Mucinous Cystic Neoplasm
Definition and Helpful Hints ▼
Key Points - Uncommon; Mostly in females; "Ovarian-type" stroma
Mucinous cystic neoplasms are neoplasms composed of mucin-producing epithelial cells associated with an ovarian-type of stroma. The neoplastic epithelial cells form one or more cysts that are filled with mucoid fluid and these cysts usually do not communicate with the larger pancreatic ducts. Invasive mucinous cystadenocarcinomas are mucinous cystic neoplasms associated with an invasive carcinoma, while non-invasive mucinous neoplasms can be categorized into adenomas, borderline neoplasms and carcinoma in situ based on the degree of architectural and cytological atypia of the epithelial cells.

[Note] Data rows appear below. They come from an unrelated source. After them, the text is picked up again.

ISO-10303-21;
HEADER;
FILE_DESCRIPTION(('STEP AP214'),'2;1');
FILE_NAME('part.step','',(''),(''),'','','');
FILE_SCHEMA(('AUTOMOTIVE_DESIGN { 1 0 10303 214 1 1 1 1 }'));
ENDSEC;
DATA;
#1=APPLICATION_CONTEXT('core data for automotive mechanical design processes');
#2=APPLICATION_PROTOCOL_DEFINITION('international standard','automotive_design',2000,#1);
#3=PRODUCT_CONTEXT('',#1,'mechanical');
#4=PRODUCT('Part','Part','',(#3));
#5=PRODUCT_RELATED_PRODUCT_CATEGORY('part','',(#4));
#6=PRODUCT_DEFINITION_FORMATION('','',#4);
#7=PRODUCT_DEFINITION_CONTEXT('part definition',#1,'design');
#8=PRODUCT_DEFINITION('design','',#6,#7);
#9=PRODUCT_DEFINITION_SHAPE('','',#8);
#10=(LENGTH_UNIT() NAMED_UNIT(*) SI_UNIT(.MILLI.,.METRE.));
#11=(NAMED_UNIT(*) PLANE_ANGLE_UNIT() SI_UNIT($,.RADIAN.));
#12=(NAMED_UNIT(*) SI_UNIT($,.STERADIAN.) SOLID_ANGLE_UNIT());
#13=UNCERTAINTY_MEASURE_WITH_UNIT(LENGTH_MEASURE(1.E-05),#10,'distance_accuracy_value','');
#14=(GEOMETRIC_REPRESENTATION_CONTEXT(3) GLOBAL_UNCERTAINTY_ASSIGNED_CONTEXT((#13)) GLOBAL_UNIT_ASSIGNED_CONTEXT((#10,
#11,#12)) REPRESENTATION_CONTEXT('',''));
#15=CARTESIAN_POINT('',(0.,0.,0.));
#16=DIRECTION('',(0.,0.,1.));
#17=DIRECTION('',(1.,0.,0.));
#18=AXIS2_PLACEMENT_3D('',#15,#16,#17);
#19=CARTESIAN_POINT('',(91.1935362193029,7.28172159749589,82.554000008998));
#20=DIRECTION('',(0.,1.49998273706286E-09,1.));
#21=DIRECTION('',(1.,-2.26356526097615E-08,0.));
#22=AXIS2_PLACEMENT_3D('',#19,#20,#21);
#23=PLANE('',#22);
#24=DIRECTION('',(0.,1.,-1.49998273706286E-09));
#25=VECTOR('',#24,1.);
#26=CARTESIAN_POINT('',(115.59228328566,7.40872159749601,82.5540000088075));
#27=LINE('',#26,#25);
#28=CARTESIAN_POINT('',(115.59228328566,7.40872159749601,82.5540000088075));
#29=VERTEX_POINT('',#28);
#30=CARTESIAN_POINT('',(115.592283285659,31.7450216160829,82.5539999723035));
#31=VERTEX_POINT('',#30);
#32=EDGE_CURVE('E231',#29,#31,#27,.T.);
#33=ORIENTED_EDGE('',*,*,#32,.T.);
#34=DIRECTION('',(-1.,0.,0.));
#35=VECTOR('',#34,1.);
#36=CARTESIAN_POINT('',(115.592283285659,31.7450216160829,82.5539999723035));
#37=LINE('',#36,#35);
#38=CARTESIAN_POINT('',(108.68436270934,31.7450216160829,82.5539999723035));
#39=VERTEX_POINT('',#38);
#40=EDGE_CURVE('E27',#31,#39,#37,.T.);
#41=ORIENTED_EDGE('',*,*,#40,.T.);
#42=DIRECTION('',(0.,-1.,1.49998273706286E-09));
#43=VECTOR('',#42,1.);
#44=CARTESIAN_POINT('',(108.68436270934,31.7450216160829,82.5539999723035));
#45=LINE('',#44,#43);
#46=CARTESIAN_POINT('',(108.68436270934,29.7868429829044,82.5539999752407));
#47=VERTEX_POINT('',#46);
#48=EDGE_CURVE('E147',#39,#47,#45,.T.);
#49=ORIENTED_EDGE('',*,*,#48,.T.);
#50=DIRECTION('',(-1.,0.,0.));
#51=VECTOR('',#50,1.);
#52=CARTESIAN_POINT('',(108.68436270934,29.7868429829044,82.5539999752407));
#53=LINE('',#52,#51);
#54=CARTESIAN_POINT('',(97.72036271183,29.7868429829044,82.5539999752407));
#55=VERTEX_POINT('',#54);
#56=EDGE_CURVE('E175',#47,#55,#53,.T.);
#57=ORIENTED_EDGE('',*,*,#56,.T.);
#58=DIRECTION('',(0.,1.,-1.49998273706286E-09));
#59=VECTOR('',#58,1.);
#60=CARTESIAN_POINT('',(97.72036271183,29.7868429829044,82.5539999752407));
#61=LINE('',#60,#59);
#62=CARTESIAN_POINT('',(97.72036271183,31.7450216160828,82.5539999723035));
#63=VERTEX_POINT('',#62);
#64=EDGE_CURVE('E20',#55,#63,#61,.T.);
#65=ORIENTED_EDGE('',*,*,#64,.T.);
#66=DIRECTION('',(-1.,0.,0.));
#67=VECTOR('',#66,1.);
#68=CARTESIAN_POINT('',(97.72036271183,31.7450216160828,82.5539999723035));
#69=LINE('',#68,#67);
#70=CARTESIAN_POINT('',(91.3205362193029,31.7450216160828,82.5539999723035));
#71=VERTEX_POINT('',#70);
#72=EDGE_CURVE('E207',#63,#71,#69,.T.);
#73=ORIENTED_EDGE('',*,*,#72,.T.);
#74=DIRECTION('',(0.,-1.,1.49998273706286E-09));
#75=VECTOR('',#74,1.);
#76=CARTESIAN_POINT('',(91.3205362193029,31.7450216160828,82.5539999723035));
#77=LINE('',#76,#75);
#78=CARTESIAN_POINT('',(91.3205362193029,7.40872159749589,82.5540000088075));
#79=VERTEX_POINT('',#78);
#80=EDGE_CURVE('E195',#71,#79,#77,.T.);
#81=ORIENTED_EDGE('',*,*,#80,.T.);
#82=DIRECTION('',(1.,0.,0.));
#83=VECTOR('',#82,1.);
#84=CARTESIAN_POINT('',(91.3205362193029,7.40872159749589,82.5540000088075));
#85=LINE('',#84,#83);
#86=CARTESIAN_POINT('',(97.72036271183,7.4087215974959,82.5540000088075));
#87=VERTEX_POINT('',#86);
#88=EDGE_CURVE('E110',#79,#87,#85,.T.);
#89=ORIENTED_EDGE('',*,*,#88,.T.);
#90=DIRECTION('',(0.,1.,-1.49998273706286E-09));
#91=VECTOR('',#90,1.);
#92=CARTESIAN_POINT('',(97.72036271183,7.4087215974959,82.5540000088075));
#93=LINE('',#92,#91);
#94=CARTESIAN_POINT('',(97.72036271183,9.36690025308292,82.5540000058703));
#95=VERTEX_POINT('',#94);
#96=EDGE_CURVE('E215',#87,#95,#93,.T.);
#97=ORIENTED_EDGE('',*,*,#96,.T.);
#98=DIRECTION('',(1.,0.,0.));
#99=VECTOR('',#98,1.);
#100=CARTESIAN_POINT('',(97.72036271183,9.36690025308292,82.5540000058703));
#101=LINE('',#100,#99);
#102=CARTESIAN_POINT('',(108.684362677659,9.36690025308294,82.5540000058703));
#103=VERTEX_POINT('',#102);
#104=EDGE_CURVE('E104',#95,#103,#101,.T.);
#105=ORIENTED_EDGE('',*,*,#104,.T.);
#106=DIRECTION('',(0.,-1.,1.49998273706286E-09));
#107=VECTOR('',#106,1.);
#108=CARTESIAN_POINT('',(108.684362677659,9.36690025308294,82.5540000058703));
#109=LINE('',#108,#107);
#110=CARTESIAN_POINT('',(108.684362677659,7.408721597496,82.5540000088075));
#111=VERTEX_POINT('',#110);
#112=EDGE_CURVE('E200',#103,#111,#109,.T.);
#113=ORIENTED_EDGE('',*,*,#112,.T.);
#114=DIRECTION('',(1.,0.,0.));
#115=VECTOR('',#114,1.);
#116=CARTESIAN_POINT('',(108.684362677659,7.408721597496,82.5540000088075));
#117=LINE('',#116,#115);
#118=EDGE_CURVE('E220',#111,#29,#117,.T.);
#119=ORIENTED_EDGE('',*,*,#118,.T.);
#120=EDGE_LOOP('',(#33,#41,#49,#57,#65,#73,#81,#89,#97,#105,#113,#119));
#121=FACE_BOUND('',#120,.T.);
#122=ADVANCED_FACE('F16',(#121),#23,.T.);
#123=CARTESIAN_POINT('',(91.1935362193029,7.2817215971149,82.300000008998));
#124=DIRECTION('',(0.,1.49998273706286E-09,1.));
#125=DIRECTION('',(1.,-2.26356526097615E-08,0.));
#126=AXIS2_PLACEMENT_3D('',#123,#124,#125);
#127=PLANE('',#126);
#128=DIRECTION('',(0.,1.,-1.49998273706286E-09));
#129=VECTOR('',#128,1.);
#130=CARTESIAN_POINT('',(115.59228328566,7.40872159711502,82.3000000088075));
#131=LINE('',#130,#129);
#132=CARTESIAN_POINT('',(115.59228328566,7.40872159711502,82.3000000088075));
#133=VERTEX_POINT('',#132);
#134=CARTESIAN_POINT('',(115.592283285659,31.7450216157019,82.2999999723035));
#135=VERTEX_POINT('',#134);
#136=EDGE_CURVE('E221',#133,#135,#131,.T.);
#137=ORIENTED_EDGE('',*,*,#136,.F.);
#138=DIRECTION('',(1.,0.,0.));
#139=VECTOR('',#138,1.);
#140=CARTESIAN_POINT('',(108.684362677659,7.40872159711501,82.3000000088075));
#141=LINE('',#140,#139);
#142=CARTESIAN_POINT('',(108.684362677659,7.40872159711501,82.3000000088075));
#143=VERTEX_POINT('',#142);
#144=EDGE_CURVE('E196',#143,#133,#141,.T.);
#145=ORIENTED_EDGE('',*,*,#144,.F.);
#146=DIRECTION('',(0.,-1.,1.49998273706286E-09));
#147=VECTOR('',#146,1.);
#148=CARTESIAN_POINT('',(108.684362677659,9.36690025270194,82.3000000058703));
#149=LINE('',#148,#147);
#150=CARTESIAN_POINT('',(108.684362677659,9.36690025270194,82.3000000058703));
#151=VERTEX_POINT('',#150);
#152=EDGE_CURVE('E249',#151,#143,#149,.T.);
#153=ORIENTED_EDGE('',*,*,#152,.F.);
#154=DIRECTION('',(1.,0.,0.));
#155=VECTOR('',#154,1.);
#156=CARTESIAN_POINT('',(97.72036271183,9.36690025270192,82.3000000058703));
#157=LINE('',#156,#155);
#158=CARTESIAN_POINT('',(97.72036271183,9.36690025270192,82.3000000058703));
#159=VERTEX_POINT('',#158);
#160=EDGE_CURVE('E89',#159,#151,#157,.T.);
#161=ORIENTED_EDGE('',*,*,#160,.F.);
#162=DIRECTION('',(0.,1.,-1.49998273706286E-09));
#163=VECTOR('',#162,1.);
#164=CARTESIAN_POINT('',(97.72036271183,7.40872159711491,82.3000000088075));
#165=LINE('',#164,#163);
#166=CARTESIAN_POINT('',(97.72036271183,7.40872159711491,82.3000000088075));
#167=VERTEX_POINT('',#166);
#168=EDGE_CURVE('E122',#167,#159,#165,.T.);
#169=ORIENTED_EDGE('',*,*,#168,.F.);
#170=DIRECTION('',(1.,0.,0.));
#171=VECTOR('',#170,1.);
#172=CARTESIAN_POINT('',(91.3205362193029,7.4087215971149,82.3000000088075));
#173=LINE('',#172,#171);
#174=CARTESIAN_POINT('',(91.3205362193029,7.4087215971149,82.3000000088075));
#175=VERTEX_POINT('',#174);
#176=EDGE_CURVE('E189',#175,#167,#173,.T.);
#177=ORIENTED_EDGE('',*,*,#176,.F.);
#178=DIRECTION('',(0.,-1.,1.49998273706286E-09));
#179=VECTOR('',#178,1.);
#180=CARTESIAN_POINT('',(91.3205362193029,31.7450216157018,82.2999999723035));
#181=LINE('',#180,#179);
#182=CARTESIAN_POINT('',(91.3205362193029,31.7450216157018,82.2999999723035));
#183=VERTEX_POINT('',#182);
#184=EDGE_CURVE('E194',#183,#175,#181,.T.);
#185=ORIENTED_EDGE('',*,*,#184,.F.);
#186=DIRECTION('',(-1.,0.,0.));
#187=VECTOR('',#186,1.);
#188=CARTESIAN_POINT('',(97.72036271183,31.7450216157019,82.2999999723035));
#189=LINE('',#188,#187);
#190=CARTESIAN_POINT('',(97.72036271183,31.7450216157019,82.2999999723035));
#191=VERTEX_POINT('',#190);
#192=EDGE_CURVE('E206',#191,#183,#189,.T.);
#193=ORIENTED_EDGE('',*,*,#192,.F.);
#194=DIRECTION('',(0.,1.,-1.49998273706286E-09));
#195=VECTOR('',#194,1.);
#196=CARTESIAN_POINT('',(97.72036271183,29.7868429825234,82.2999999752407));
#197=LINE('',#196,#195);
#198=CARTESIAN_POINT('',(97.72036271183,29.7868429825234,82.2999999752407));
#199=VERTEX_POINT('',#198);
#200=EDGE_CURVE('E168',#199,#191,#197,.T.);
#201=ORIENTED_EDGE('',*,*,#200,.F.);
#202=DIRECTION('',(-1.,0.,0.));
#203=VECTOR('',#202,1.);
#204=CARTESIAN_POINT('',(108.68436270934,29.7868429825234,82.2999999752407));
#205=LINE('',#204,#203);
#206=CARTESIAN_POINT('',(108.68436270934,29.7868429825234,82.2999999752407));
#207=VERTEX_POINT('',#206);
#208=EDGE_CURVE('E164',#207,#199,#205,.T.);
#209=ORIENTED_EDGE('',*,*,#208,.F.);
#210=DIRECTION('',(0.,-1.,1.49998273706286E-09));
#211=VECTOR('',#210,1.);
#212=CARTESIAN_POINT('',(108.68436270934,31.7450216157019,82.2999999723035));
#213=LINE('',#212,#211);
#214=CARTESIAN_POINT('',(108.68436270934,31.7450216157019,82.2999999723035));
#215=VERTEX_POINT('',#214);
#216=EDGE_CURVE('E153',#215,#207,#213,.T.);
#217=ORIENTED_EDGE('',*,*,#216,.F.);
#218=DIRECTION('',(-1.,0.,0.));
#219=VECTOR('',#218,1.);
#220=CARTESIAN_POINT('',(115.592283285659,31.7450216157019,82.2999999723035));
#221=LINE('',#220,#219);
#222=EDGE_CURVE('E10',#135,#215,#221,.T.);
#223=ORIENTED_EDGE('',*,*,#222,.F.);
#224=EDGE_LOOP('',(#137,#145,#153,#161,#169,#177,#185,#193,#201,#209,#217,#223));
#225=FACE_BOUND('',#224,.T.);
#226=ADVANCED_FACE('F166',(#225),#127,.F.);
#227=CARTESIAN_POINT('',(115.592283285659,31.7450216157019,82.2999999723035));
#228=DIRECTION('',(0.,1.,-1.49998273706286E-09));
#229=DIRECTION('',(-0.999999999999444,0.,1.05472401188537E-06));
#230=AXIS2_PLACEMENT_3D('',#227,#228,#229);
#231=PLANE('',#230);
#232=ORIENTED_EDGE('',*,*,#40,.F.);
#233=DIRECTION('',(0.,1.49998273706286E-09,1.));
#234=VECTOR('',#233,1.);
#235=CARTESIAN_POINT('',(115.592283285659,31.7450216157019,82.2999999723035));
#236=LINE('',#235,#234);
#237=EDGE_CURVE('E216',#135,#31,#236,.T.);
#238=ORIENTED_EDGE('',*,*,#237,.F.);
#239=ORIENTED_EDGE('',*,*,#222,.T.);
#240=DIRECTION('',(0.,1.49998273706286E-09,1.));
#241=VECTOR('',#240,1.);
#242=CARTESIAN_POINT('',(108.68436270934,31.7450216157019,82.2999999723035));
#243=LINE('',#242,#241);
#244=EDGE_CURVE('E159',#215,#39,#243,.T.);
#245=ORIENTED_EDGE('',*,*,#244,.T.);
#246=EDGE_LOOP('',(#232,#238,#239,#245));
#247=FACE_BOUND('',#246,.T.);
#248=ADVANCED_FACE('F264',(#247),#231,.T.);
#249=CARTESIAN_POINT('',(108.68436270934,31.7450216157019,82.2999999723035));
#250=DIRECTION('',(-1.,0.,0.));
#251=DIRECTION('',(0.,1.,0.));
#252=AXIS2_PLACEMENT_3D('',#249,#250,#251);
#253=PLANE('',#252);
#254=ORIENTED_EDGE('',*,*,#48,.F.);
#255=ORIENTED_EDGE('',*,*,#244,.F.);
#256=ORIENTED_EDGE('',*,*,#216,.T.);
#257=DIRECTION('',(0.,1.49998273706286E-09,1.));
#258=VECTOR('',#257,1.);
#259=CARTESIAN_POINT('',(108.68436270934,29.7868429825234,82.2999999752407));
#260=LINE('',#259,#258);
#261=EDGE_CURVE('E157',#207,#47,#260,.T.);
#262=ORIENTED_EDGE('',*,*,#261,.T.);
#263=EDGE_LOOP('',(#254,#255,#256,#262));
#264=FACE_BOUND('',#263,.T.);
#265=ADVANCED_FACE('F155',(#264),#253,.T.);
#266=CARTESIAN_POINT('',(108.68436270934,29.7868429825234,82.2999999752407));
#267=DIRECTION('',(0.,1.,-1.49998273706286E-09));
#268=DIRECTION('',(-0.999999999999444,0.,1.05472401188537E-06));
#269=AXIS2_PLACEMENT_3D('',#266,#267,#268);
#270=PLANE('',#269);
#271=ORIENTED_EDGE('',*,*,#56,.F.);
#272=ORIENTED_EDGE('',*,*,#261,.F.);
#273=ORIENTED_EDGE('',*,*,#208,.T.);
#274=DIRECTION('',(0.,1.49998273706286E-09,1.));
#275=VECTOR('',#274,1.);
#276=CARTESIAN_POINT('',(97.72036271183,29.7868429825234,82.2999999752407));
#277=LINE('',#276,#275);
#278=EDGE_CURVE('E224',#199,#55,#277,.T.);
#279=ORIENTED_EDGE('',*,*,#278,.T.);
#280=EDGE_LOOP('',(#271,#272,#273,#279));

| Patient gender | Location in Pancreas | Communication with ducts | Cyst contents | Epithelial lining | Stromal character |
|---|---|---|---|---|---|
| Female | Tail | None | Thick, tenacious mucoid material | Tall, columnar | "Ovarian-type" |
Clinical ▼
Symptoms - Abdominal pain or discomfort
Mucinous cystic neoplasms are relatively uncommon. They account for only 5.7% of all primary pancreatic tumors seen in consultation at the Armed Forces Institute of Pathology. In some reported series of mucinous cystic neoplasms all of the patients have been female, however, well-documented cases have been reported in men, and a female to male ratio of 90:10 is probably reasonable. The mean age at diagnosis is between 40 to 50 years with a range of 14-95 years. In most series of mucinous cystic neolasms, patients with mucinous cystadenocarcinomas are 5 to 10 years older than the patients with benign mucinous cystic neoplasms.
Mucinous cystic neoplasms have not been associated with any genetic syndromes.
Most patients with mucinous cystic neoplasms present with vague abdominal symptoms that include epigastric pain or a sense of abdominal fullness.Less commonly, the patients develop gastrointestinal symptoms including nausea and vomiting, diarrhea, anorexia, and weight loss. As many as 20% of mucinous cystic neoplasms are discovered incidentally during abdominal imagingfor an unrelated indication. Only a small minority of the patients present with jaundice. Those that do present with jaundice usually have mucinous cystadenocarcinomas involving the head of the gland. Mucinous cystic neoplasms can sometimes be palpated in the left upper quadrant on physical examination.
Gross ▼
Key Points - Body or tail of pancreas; Multilocular; No communication with ducts
The majority (70-90%) of mucinous cystic neoplasms arise in the body or tail of the pancreas, and only a minority (10-30%) involve the head of the gland. Mucinous cystadenocarcinomas involve the head of the gland slightly more often than do mucinous cystadenomas. Mucinous cystic neoplasms are usually quite large (2-35 cm, mean ~7 to 10 cm), and mucinous cystadenocarcinomas tend to be even larger.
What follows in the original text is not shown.